The overnight grain trade opened and remained firm.

This morning’s grain trade is mostly higher, with soybeans leading the advance with Pres. Biden is backing out of the presidential race, and the prospects of a different Pres/VP pick in the Chicago convention in August open up a new element.

Traders are wondering if China may pick up its soybean purchase program ahead of likely new tariffs under a Trump presidency. Buying large quantities now could help Democrats in the rural states.

There is a prospect that Trump could use the threat of rising tariffs to push China back into the Phase 1 agreement in which China promised to secure $1 35 Bil of US goods annually through 2021. The Biden administration never pushed China to adhere to the Phase 1 trade agreement and allowed the president's TPA (Trade Promotion Authority) to expire in June 2020 for the first time since 1994.

The upcoming August crop report anticipates that the FSA data will show that NASS should cut its 2024 corn and soybean acreage by at least 1 Million acres each. This will score an intermittent price low for grains, which likely has been in the making over the past week.
This morning, Paris wheat futures are higher, holding last Friday's sharp gains on crop quality worries. EU wheat quality of the French and German wheat continues to be questioned, with a large portion missing milling quality status.

The EU is set to place provisional duties on Chinese biodiesel following an analysis and ruling that showed it sold the fuel at subsidized low-price levels. Chinese companies exported 1.8 Mil tons of biodiesel to the European Union in 2023. The Chinese dumping of biodiesel caused the EU to ship a record amount of its own biodiesel into the US to garner a return under the US Blender Credit Program. It is estimated the US is importing 50,000 barrels of biodiesel daily. The EU's ruling on Chinese biodiesel should provide the US Congress with evidence regarding China’s effort to profit from the green fuel program and the subsidies for using virgin vegetable oils.

Cool and dry weather will occur across the Midwest, warming and dry weather across the northern plains, and hot/dry weather will be maintained on the Canadian Prairies this week. A Midwest warming trend begins on the weekend, with the upper 80s to upper 90s returning as the Western US high-pressure Ridge shifts eastward. Meanwhile, soaking rainfall in the Gulf states and SE US will have rainfall of 2-6.00″. The westward extension of the Bermuda high-pressure Ridge across the SE US pushes Gulf moisture northward, producing abundant rain for the SE US and Gulf states. Rains for the northern plains are not forecasted until August 1. There could be a few localized showers, but coverage of meaningful rain will be less than 10% of the area.
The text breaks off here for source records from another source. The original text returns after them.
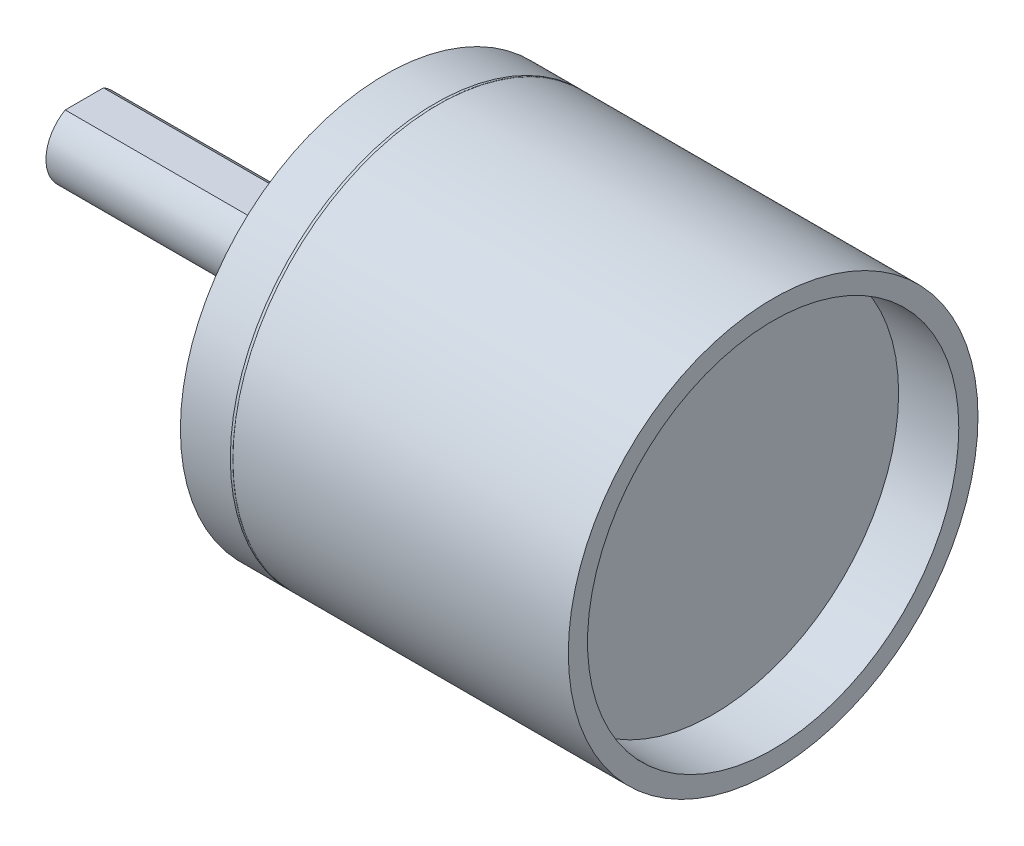
ISO-10303-21;
HEADER;
FILE_DESCRIPTION(('STEP AP214'),'2;1');
FILE_NAME('part.step','',(''),(''),'','','');
FILE_SCHEMA(('AUTOMOTIVE_DESIGN { 1 0 10303 214 1 1 1 1 }'));
ENDSEC;
DATA;
#1=APPLICATION_CONTEXT('core data for automotive mechanical design processes');
#2=APPLICATION_PROTOCOL_DEFINITION('international standard','automotive_design',2000,#1);
#3=PRODUCT_CONTEXT('',#1,'mechanical');
#4=PRODUCT('Part','Part','',(#3));
#5=PRODUCT_RELATED_PRODUCT_CATEGORY('part','',(#4));
#6=PRODUCT_DEFINITION_FORMATION('','',#4);
#7=PRODUCT_DEFINITION_CONTEXT('part definition',#1,'design');
#8=PRODUCT_DEFINITION('design','',#6,#7);
#9=PRODUCT_DEFINITION_SHAPE('','',#8);
#10=(LENGTH_UNIT() NAMED_UNIT(*) SI_UNIT(.MILLI.,.METRE.));
#11=(NAMED_UNIT(*) PLANE_ANGLE_UNIT() SI_UNIT($,.RADIAN.));
#12=(NAMED_UNIT(*) SI_UNIT($,.STERADIAN.) SOLID_ANGLE_UNIT());
#13=UNCERTAINTY_MEASURE_WITH_UNIT(LENGTH_MEASURE(1.E-05),#10,'distance_accuracy_value','');
#14=(GEOMETRIC_REPRESENTATION_CONTEXT(3) GLOBAL_UNCERTAINTY_ASSIGNED_CONTEXT((#13)) GLOBAL_UNIT_ASSIGNED_CONTEXT((#10,
#11,#12)) REPRESENTATION_CONTEXT('',''));
#15=CARTESIAN_POINT('',(0.,0.,0.));
#16=DIRECTION('',(0.,0.,1.));
#17=DIRECTION('',(1.,0.,0.));
#18=AXIS2_PLACEMENT_3D('',#15,#16,#17);
#19=CARTESIAN_POINT('',(-2.6,0.,0.));
#20=DIRECTION('',(-1.,0.,0.));
#21=DIRECTION('',(0.,0.,1.));
#22=AXIS2_PLACEMENT_3D('',#19,#20,#21);
#23=PLANE('',#22);
#24=CARTESIAN_POINT('',(-2.6,0.,0.));
#25=DIRECTION('',(-1.,0.,0.));
#26=DIRECTION('',(0.,0.,1.));
#27=AXIS2_PLACEMENT_3D('',#24,#25,#26);
#28=CIRCLE('',#27,2.5);
#29=CARTESIAN_POINT('',(-2.6,0.,2.5));
#30=VERTEX_POINT('',#29);
#31=EDGE_CURVE('E145',#30,#30,#28,.T.);
#32=ORIENTED_EDGE('',*,*,#31,.T.);
#33=EDGE_LOOP('',(#32));
#34=FACE_BOUND('',#33,.T.);
#35=CARTESIAN_POINT('',(-2.6,0.,0.));
#36=DIRECTION('',(-1.,0.,0.));
#37=DIRECTION('',(0.,0.,1.));
#38=AXIS2_PLACEMENT_3D('',#35,#36,#37);
#39=CIRCLE('',#38,1.5);
#40=CARTESIAN_POINT('',(-2.6,0.,1.5));
#41=VERTEX_POINT('',#40);
#42=EDGE_CURVE('E137',#41,#41,#39,.T.);
#43=ORIENTED_EDGE('',*,*,#42,.F.);
#44=EDGE_LOOP('',(#43));
#45=FACE_BOUND('',#44,.T.);
#46=ADVANCED_FACE('F34',(#34,#45),#23,.T.);
#47=CARTESIAN_POINT('',(-1.,0.,0.));
#48=DIRECTION('',(-1.,0.,0.));
#49=DIRECTION('',(0.,0.,1.));
#50=AXIS2_PLACEMENT_3D('',#47,#48,#49);
#51=PLANE('',#50);
#52=CARTESIAN_POINT('',(-1.,0.,0.));
#53=DIRECTION('',(-1.,0.,0.));
#54=DIRECTION('',(0.,0.,1.));
#55=AXIS2_PLACEMENT_3D('',#52,#53,#54);
#56=CIRCLE('',#55,3.);
#57=CARTESIAN_POINT('',(-1.,0.,3.));
#58=VERTEX_POINT('',#57);
#59=EDGE_CURVE('E151',#58,#58,#56,.T.);
#60=ORIENTED_EDGE('',*,*,#59,.T.);
#61=EDGE_LOOP('',(#60));
#62=FACE_BOUND('',#61,.T.);
#63=CARTESIAN_POINT('',(-1.,0.,0.));
#64=DIRECTION('',(-1.,0.,0.));
#65=DIRECTION('',(0.,0.,1.));
#66=AXIS2_PLACEMENT_3D('',#63,#64,#65);
#67=CIRCLE('',#66,2.5);
#68=CARTESIAN_POINT('',(-1.,0.,2.5));
#69=VERTEX_POINT('',#68);
#70=EDGE_CURVE('E142',#69,#69,#67,.T.);
#71=ORIENTED_EDGE('',*,*,#70,.F.);
#72=EDGE_LOOP('',(#71));
#73=FACE_BOUND('',#72,.T.);
#74=ADVANCED_FACE('F182',(#62,#73),#51,.T.);
#75=CARTESIAN_POINT('',(0.,7.99999999999967,0.));
#76=DIRECTION('',(-1.,0.,0.));
#77=DIRECTION('',(0.,0.,1.));
#78=AXIS2_PLACEMENT_3D('',#75,#76,#77);
#79=PLANE('',#78);
#80=CARTESIAN_POINT('',(0.,4.999999999992,8.726646259967E-06));
#81=DIRECTION('',(-1.,0.,0.));
#82=DIRECTION('',(0.,0.,1.));
#83=AXIS2_PLACEMENT_3D('',#80,#81,#82);
#84=CIRCLE('',#83,0.79999999999999);
#85=CARTESIAN_POINT('',(0.,4.999999999992,0.80000872664625));
#86=VERTEX_POINT('',#85);
#87=EDGE_CURVE('E93',#86,#86,#84,.T.);
#88=ORIENTED_EDGE('',*,*,#87,.F.);
#89=EDGE_LOOP('',(#88));
#90=FACE_BOUND('',#89,.T.);
#91=CARTESIAN_POINT('',(0.,2.499992442499,4.330131382239));
#92=DIRECTION('',(-1.,0.,0.));
#93=DIRECTION('',(0.,0.,1.));
#94=AXIS2_PLACEMENT_3D('',#91,#92,#93);
#95=CIRCLE('',#94,0.79999999999999);
#96=CARTESIAN_POINT('',(0.,2.499992442499,5.13013138223899));
#97=VERTEX_POINT('',#96);
#98=EDGE_CURVE('E92',#97,#97,#95,.T.);
#99=ORIENTED_EDGE('',*,*,#98,.F.);
#100=EDGE_LOOP('',(#99));
#101=FACE_BOUND('',#100,.T.);
#102=CARTESIAN_POINT('',(0.,-2.500007557494,4.330122655592));
#103=DIRECTION('',(-1.,0.,0.));
#104=DIRECTION('',(0.,0.,1.));
#105=AXIS2_PLACEMENT_3D('',#102,#103,#104);
#106=CIRCLE('',#105,0.79999999999999);
#107=CARTESIAN_POINT('',(0.,-2.500007557494,5.13012265559199));
#108=VERTEX_POINT('',#107);
#109=EDGE_CURVE('E103',#108,#108,#106,.T.);
#110=ORIENTED_EDGE('',*,*,#109,.F.);
#111=EDGE_LOOP('',(#110));
#112=FACE_BOUND('',#111,.T.);
#113=CARTESIAN_POINT('',(0.,-4.999999999992,-8.726646259355E-06));
#114=DIRECTION('',(-1.,0.,0.));
#115=DIRECTION('',(0.,0.,1.));
#116=AXIS2_PLACEMENT_3D('',#113,#114,#115);
#117=CIRCLE('',#116,0.79999999999999);
#118=CARTESIAN_POINT('',(0.,-4.999999999992,0.799991273353731));
#119=VERTEX_POINT('',#118);
#120=EDGE_CURVE('E109',#119,#119,#117,.T.);
#121=ORIENTED_EDGE('',*,*,#120,.F.);
#122=EDGE_LOOP('',(#121));
#123=FACE_BOUND('',#122,.T.);
#124=CARTESIAN_POINT('',(0.,-2.499992442499,-4.330131382239));
#125=DIRECTION('',(-1.,0.,0.));
#126=DIRECTION('',(0.,0.,1.));
#127=AXIS2_PLACEMENT_3D('',#124,#125,#126);
#128=CIRCLE('',#127,0.79999999999999);
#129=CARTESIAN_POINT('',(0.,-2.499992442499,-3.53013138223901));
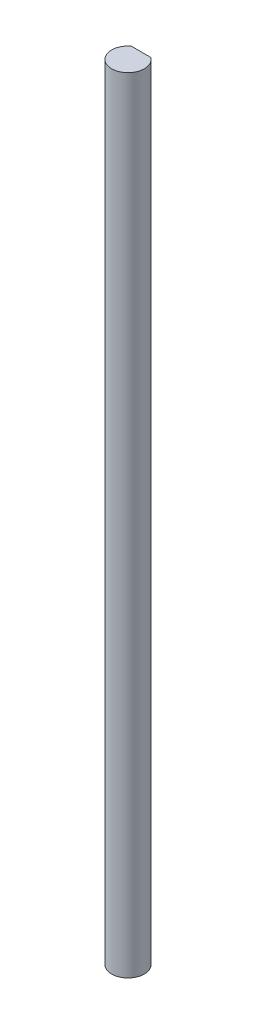
ISO-10303-21;
HEADER;
FILE_DESCRIPTION(('STEP AP214'),'2;1');
FILE_NAME('part.step','',(''),(''),'','','');
FILE_SCHEMA(('AUTOMOTIVE_DESIGN { 1 0 10303 214 1 1 1 1 }'));
ENDSEC;
DATA;
#1=APPLICATION_CONTEXT('core data for automotive mechanical design processes');
#2=APPLICATION_PROTOCOL_DEFINITION('international standard','automotive_design',2000,#1);
#3=PRODUCT_CONTEXT('',#1,'mechanical');
#4=PRODUCT('Part','Part','',(#3));
#5=PRODUCT_RELATED_PRODUCT_CATEGORY('part','',(#4));
#6=PRODUCT_DEFINITION_FORMATION('','',#4);
#7=PRODUCT_DEFINITION_CONTEXT('part definition',#1,'design');
#8=PRODUCT_DEFINITION('design','',#6,#7);
#9=PRODUCT_DEFINITION_SHAPE('','',#8);
#10=(LENGTH_UNIT() NAMED_UNIT(*) SI_UNIT(.MILLI.,.METRE.));
#11=(NAMED_UNIT(*) PLANE_ANGLE_UNIT() SI_UNIT($,.RADIAN.));
#12=(NAMED_UNIT(*) SI_UNIT($,.STERADIAN.) SOLID_ANGLE_UNIT());
#13=UNCERTAINTY_MEASURE_WITH_UNIT(LENGTH_MEASURE(1.E-05),#10,'distance_accuracy_value','');
#14=(GEOMETRIC_REPRESENTATION_CONTEXT(3) GLOBAL_UNCERTAINTY_ASSIGNED_CONTEXT((#13)) GLOBAL_UNIT_ASSIGNED_CONTEXT((#10,
#11,#12)) REPRESENTATION_CONTEXT('',''));
#15=CARTESIAN_POINT('',(0.,0.,0.));
#16=DIRECTION('',(0.,0.,1.));
#17=DIRECTION('',(1.,0.,0.));
#18=AXIS2_PLACEMENT_3D('',#15,#16,#17);
#19=CARTESIAN_POINT('',(0.,152.4,0.));
#20=DIRECTION('',(0.,-1.,0.));
#21=DIRECTION('',(0.,0.,-1.));
#22=AXIS2_PLACEMENT_3D('',#19,#20,#21);
#23=CYLINDRICAL_SURFACE('',#22,3.175);
#24=CARTESIAN_POINT('',(0.,0.,0.));
#25=DIRECTION('',(0.,1.,0.));
#26=DIRECTION('',(0.,0.,1.));
#27=AXIS2_PLACEMENT_3D('',#24,#25,#26);
#28=CIRCLE('',#27,3.175);
#29=CARTESIAN_POINT('',(-1.905,0.,-2.54));
#30=VERTEX_POINT('',#29);
#31=CARTESIAN_POINT('',(1.905,0.,-2.54));
#32=VERTEX_POINT('',#31);
#33=EDGE_CURVE('E64',#30,#32,#28,.T.);
#34=ORIENTED_EDGE('',*,*,#33,.T.);
#35=DIRECTION('',(0.,-1.,0.));
#36=VECTOR('',#35,1.);
#37=CARTESIAN_POINT('',(1.905,152.4,-2.54));
#38=LINE('',#37,#36);
#39=CARTESIAN_POINT('',(1.905,152.4,-2.54));
#40=VERTEX_POINT('',#39);
#41=EDGE_CURVE('E11',#40,#32,#38,.T.);
#42=ORIENTED_EDGE('',*,*,#41,.F.);
#43=CARTESIAN_POINT('',(0.,152.4,0.));
#44=DIRECTION('',(0.,1.,0.));
#45=DIRECTION('',(0.,0.,1.));
#46=AXIS2_PLACEMENT_3D('',#43,#44,#45);
#47=CIRCLE('',#46,3.175);
#48=CARTESIAN_POINT('',(-1.905,152.4,-2.54));
#49=VERTEX_POINT('',#48);
#50=EDGE_CURVE('E63',#49,#40,#47,.T.);
#51=ORIENTED_EDGE('',*,*,#50,.F.);
#52=DIRECTION('',(0.,-1.,0.));
#53=VECTOR('',#52,1.);
#54=CARTESIAN_POINT('',(-1.905,152.4,-2.54));
#55=LINE('',#54,#53);
#56=EDGE_CURVE('E41',#49,#30,#55,.T.);
#57=ORIENTED_EDGE('',*,*,#56,.T.);
#58=EDGE_LOOP('',(#34,#42,#51,#57));
#59=FACE_BOUND('',#58,.T.);
#60=ADVANCED_FACE('F33',(#59),#23,.T.);
#61=CARTESIAN_POINT('',(-1.905,152.4,-2.54));
#62=DIRECTION('',(0.,0.,1.));
#63=DIRECTION('',(1.,0.,0.));
#64=AXIS2_PLACEMENT_3D('',#61,#62,#63);
#65=PLANE('',#64);
#66=DIRECTION('',(-1.,0.,0.));
#67=VECTOR('',#66,1.);
#68=CARTESIAN_POINT('',(-1.905,0.,-2.54));
#69=LINE('',#68,#67);
#70=EDGE_CURVE('E56',#32,#30,#69,.T.);
#71=ORIENTED_EDGE('',*,*,#70,.T.);
#72=ORIENTED_EDGE('',*,*,#56,.F.);
#73=DIRECTION('',(-1.,0.,0.));
#74=VECTOR('',#73,1.);
#75=CARTESIAN_POINT('',(-1.905,152.4,-2.54));
#76=LINE('',#75,#74);
#77=EDGE_CURVE('E48',#40,#49,#76,.T.);
#78=ORIENTED_EDGE('',*,*,#77,.F.);
#79=ORIENTED_EDGE('',*,*,#41,.T.);
#80=EDGE_LOOP('',(#71,#72,#78,#79));
#81=FACE_BOUND('',#80,.T.);
#82=ADVANCED_FACE('F59',(#81),#65,.F.);
#83=CARTESIAN_POINT('',(0.,152.4,0.));
#84=DIRECTION('',(0.,1.,0.));
#85=DIRECTION('',(0.,0.,1.));
#86=AXIS2_PLACEMENT_3D('',#83,#84,#85);
#87=PLANE('',#86);
#88=ORIENTED_EDGE('',*,*,#50,.T.);
#89=ORIENTED_EDGE('',*,*,#77,.T.);
#90=EDGE_LOOP('',(#88,#89));
#91=FACE_BOUND('',#90,.T.);
#92=ADVANCED_FACE('F71',(#91),#87,.T.);
#93=CARTESIAN_POINT('',(0.,0.,0.));
#94=DIRECTION('',(0.,1.,0.));
#95=DIRECTION('',(0.,0.,1.));
#96=AXIS2_PLACEMENT_3D('',#93,#94,#95);
#97=PLANE('',#96);
#98=ORIENTED_EDGE('',*,*,#33,.F.);
#99=ORIENTED_EDGE('',*,*,#70,.F.);
#100=EDGE_LOOP('',(#98,#99));
#101=FACE_BOUND('',#100,.T.);
#102=ADVANCED_FACE('F67',(#101),#97,.F.);
#103=CLOSED_SHELL('',(#60,#82,#92,#102));
#104=MANIFOLD_SOLID_BREP('B2',#103);
#105=ADVANCED_BREP_SHAPE_REPRESENTATION('',(#18,#104),#14);
#106=SHAPE_DEFINITION_REPRESENTATION(#9,#105);
ENDSEC;
END-ISO-10303-21;

The Senate range forecast calls for above-normal temperatures to stay a feature of the forecast due to the mean position of the Ridge across the Plains and the Intermountain West.

This morning, a firm outlook is anticipated for cattle futures from Friday’s July Cattle on Feed report, which leaned friendly on June placements coming in at 93%. However, the cash market outlook is steady, as the report confirmed that it is larger than last year’s available supplies in the feedlot. Last week’s negotiated fed cattle trade was mostly steady to lower, with live trade in the north at $196, which was off $2, and the dressed sales also off $2 and $310. In the South, the trade was mostly at $188, steady with the previous week.

Cattle slaughter last week came in at 584,000 head, the smallest non-holiday kill since March, and was 42,000 head less than a year ago. The average carcass weight at 844 pounds was 31 pounds heavier than a year ago but could not offset lighter numbers. Beef production was 2.8% lighter than last year. Despite the lighter slaughter, the choice cutout fell $8 last week, and select was off $4. The cash market has turned lower but the CME trades are carrying big discounts to current cash price levels. Friday’s Commitment of Traders report showed that as of July 16, funds had sold 3,686 contracts against commercial buying of 37,36 contracts. The Tuesday-Tuesday price change difference was a positive $0.32.